I don't know where you can find alive stuff, but you can wet down the dried stuff and put it under lights and it will green up. I have a picture of some of mine. I will try and find it..


----------



## geckguy (Mar 8, 2004)

I have some that is alive, it is kept wet, and it is under two shoplight fixtures, it looks like pillow moss, except it is sphagnum.


----------



## Guest (Aug 6, 2004)

*sphagnum*

its fairly easy to rejuvinate brown sphagnum moss but sphagnum likes it really wet. as wet as java. it also needs high light i.e. on a windowsill with direct sunlight.............. or at least the scottish type does anyway, it can survive in tropical vivs though it looks really cool in the peat bogs up here where theres whole islands of sphagnum moss.


----------



## Dancing frogs (Feb 20, 2004)

I can pick the stuff till I puke(or until the mosquitos carry me away!) at my mom and dad's house in northern wisconisin. Maybee you just need to look around in the local bogs.


----------



## chuckpowell (May 12, 2004)

There use to be a place called Mosser Lee up in Wisconson somewhere that will sell and ship live sphagnum moss.

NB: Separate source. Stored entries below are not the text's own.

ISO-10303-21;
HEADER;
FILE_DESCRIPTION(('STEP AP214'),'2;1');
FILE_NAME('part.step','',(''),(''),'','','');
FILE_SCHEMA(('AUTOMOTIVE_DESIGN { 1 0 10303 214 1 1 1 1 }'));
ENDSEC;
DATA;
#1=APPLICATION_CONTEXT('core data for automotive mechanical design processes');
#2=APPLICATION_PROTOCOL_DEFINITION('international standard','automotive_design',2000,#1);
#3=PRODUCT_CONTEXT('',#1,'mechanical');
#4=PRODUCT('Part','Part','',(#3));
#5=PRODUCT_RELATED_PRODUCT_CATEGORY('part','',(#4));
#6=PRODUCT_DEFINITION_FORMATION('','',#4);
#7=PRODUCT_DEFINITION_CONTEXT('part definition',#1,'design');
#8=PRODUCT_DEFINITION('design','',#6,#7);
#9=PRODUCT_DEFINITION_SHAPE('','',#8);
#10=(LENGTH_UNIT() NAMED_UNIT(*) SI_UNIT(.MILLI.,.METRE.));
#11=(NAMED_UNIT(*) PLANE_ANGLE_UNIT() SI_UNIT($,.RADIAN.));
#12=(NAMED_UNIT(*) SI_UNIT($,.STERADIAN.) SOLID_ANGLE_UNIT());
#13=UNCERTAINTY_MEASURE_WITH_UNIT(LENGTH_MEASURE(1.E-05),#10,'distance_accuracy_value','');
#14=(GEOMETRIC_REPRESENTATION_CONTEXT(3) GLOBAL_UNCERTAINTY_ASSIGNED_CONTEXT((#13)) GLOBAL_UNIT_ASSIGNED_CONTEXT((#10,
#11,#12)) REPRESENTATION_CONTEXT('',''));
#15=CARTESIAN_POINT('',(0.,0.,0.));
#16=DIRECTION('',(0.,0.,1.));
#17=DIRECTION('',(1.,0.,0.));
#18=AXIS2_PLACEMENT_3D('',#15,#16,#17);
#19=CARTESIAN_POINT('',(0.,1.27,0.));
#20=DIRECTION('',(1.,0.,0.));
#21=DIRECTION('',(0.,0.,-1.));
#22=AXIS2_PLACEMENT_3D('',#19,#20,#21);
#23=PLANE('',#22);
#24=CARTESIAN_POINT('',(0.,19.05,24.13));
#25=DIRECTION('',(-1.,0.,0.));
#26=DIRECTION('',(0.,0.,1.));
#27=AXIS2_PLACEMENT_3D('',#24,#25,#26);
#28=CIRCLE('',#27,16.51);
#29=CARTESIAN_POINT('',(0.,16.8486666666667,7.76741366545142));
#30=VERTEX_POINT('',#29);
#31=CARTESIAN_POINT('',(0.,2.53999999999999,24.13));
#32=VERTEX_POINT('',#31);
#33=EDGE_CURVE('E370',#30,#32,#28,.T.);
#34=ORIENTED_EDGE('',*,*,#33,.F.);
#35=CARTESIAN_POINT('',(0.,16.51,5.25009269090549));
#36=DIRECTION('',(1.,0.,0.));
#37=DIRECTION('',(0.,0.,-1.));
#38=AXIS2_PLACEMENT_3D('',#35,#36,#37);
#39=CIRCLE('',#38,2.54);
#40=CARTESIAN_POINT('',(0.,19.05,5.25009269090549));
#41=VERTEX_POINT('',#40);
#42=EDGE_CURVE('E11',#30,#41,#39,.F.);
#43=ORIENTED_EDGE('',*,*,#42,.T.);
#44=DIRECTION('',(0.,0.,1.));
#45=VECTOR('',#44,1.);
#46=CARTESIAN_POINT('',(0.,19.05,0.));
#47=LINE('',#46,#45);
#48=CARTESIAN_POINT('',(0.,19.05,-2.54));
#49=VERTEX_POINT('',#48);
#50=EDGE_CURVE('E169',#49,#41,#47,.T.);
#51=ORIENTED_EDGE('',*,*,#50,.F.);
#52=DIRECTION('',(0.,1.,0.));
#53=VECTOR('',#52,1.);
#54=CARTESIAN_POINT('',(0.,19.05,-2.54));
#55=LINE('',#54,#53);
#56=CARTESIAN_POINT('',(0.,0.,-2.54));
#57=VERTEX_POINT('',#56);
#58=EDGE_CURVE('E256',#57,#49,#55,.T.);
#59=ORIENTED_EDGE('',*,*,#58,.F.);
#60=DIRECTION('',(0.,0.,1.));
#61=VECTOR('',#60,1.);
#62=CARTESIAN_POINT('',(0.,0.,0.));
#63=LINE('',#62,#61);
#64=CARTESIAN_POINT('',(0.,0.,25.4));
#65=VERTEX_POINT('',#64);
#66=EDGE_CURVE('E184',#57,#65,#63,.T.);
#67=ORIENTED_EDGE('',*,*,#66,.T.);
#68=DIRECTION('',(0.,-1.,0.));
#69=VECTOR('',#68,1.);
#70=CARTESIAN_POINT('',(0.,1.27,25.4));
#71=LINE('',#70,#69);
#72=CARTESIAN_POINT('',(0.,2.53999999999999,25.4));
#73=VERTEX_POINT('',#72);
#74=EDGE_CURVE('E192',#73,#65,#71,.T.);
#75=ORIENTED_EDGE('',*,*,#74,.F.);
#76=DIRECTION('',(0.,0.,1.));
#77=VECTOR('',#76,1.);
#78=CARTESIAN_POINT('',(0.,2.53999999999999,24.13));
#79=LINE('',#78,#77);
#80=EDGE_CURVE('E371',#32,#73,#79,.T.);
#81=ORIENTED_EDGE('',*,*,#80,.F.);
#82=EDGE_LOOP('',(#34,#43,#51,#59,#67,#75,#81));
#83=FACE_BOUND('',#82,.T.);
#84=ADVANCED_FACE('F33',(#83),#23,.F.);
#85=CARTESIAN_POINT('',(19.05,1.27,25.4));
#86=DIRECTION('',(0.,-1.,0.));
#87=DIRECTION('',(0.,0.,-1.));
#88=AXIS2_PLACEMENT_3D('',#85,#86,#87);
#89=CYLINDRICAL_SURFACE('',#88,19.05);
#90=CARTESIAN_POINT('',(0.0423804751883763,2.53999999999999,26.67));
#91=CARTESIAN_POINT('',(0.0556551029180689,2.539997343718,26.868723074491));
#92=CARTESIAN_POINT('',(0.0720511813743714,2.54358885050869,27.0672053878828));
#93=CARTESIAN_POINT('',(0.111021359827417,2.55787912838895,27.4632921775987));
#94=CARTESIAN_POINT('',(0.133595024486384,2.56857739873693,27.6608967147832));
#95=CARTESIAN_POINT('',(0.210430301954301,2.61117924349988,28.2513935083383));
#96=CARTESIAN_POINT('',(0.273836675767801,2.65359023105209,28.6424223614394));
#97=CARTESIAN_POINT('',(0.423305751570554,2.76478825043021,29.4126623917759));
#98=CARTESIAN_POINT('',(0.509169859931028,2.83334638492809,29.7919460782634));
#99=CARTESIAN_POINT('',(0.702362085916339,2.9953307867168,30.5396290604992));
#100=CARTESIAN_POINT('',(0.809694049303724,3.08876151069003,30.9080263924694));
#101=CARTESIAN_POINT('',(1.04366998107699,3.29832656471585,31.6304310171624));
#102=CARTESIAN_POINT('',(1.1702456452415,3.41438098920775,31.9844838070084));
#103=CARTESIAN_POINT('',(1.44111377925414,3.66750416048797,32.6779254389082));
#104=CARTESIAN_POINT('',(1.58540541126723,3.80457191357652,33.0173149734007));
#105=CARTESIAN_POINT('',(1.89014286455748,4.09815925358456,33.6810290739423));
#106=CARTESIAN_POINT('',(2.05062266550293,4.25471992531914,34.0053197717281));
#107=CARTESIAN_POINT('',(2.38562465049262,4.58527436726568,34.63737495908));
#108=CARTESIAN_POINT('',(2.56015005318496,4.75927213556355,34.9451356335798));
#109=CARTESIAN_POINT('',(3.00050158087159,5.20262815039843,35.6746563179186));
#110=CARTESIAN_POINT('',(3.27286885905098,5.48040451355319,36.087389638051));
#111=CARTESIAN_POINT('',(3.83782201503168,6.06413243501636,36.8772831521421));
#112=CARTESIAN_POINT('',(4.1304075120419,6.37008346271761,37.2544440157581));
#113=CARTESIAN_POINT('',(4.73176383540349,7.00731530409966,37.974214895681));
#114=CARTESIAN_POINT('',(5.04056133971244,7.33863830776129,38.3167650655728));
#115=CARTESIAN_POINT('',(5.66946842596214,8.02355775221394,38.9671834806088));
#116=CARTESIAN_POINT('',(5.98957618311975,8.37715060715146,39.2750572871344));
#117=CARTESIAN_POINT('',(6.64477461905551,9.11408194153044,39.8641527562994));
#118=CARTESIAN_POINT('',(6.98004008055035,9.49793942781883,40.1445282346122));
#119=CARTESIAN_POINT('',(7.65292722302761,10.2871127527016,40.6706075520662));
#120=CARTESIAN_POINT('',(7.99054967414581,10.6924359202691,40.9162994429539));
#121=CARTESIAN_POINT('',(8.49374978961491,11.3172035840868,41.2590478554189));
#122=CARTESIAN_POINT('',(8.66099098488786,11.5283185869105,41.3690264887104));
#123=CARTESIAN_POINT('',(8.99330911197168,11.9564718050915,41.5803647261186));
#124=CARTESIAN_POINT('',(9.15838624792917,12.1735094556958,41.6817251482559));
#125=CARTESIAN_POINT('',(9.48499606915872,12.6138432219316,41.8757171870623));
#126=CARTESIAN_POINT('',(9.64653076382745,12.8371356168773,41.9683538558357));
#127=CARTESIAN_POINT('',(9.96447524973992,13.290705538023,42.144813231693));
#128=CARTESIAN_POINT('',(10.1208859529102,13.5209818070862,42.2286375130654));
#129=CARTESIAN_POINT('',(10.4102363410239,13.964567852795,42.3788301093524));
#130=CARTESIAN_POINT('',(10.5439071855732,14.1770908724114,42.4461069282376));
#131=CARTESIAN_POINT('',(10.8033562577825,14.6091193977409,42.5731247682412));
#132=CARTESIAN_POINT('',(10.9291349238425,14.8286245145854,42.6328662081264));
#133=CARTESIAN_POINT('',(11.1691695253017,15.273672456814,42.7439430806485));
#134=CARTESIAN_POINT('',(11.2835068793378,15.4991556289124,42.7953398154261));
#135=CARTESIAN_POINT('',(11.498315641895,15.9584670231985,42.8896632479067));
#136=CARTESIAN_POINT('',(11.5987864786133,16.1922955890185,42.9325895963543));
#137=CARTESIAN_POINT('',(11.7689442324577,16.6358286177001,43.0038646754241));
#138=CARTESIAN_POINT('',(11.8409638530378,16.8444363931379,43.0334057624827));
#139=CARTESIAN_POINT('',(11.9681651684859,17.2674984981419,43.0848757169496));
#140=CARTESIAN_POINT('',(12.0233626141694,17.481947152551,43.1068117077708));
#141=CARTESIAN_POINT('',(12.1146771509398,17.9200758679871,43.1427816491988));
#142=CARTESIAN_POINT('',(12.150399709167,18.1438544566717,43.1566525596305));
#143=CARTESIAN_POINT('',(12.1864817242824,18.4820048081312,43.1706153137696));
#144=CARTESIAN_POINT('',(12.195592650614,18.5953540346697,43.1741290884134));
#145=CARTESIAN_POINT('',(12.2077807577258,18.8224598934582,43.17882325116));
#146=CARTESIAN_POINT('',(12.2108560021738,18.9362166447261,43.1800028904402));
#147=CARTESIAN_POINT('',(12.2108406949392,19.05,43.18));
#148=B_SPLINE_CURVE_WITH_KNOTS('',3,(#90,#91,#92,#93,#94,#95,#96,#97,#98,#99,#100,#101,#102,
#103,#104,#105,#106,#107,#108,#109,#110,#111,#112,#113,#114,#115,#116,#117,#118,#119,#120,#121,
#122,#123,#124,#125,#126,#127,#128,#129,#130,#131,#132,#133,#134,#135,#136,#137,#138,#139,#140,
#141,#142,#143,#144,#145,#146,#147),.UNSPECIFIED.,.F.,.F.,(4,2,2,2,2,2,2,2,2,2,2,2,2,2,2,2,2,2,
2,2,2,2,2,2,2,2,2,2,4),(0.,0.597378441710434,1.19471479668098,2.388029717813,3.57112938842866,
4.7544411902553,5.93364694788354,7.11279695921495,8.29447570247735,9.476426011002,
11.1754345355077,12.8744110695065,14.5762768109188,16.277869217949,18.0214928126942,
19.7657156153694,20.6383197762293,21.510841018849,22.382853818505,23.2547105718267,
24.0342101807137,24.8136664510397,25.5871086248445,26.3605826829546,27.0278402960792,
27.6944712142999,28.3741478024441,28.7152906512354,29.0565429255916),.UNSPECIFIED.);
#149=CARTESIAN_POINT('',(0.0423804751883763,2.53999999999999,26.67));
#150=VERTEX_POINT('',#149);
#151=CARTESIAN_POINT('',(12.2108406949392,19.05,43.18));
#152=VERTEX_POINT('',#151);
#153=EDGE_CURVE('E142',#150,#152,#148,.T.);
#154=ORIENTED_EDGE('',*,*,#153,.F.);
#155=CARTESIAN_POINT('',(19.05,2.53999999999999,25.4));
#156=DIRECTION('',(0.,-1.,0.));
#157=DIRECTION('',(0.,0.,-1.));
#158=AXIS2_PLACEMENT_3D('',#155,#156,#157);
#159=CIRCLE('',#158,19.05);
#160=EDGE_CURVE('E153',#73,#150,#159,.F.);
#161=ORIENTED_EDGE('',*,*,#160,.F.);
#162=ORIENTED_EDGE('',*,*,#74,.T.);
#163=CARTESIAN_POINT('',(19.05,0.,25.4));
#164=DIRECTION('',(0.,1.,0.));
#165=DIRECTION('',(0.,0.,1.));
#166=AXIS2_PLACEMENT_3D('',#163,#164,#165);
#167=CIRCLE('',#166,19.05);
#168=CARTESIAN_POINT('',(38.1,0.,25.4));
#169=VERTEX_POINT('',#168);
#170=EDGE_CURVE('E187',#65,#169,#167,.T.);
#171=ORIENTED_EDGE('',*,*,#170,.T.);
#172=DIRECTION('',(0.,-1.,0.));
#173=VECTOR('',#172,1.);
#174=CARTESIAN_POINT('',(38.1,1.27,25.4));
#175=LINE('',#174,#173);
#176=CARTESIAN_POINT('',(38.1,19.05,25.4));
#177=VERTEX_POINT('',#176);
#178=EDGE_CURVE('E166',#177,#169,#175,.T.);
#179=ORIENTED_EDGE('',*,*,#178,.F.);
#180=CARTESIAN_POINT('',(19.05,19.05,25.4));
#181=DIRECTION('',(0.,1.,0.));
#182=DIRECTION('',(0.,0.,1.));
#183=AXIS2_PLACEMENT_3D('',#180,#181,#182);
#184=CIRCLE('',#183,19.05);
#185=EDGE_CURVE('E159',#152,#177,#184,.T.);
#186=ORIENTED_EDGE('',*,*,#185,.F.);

I haven't order any in probably 15 years or so, but its a place to start looking.

Best,

Chuck


----------



## Jace King (May 5, 2004)

black jungle sells it, and our hardware store "the do it center" sells it for real cheap.
Jace


----------



## Guest (Aug 6, 2004)

Here is the picture...









The main thing is make sure you start with high quality long fiber sphagnum. is the best then, Chile, and then Wisconson.
I had a very hard time getting the Wisconson moss to green up.
The moss in the picture is New Zealand moss.


----------



## mindcrash (Mar 3, 2004)

Does it just green up or does it actually grow?


----------



## geckguy (Mar 8, 2004)

It actually grows.


----------



## mbrutger (May 23, 2004)

what's the stuff that grows on trees on the in the north west? Isn't that sphagnum also?


----------



## batrachiophyle (May 7, 2009)

yes, there is a species of Sphagnum which grows here in the northwest...[among many other temperate areas of the world] specifically, _Sphagnum squarrosum_...

i'm actually looking for some for my vivs. may hit up Molbeck's this weekend. [those of you in the greater Seattle area are more than likely familiar with Molbeck's out in Woodinville.. i love that place.]

anyone had experience with this species in a viv?


----------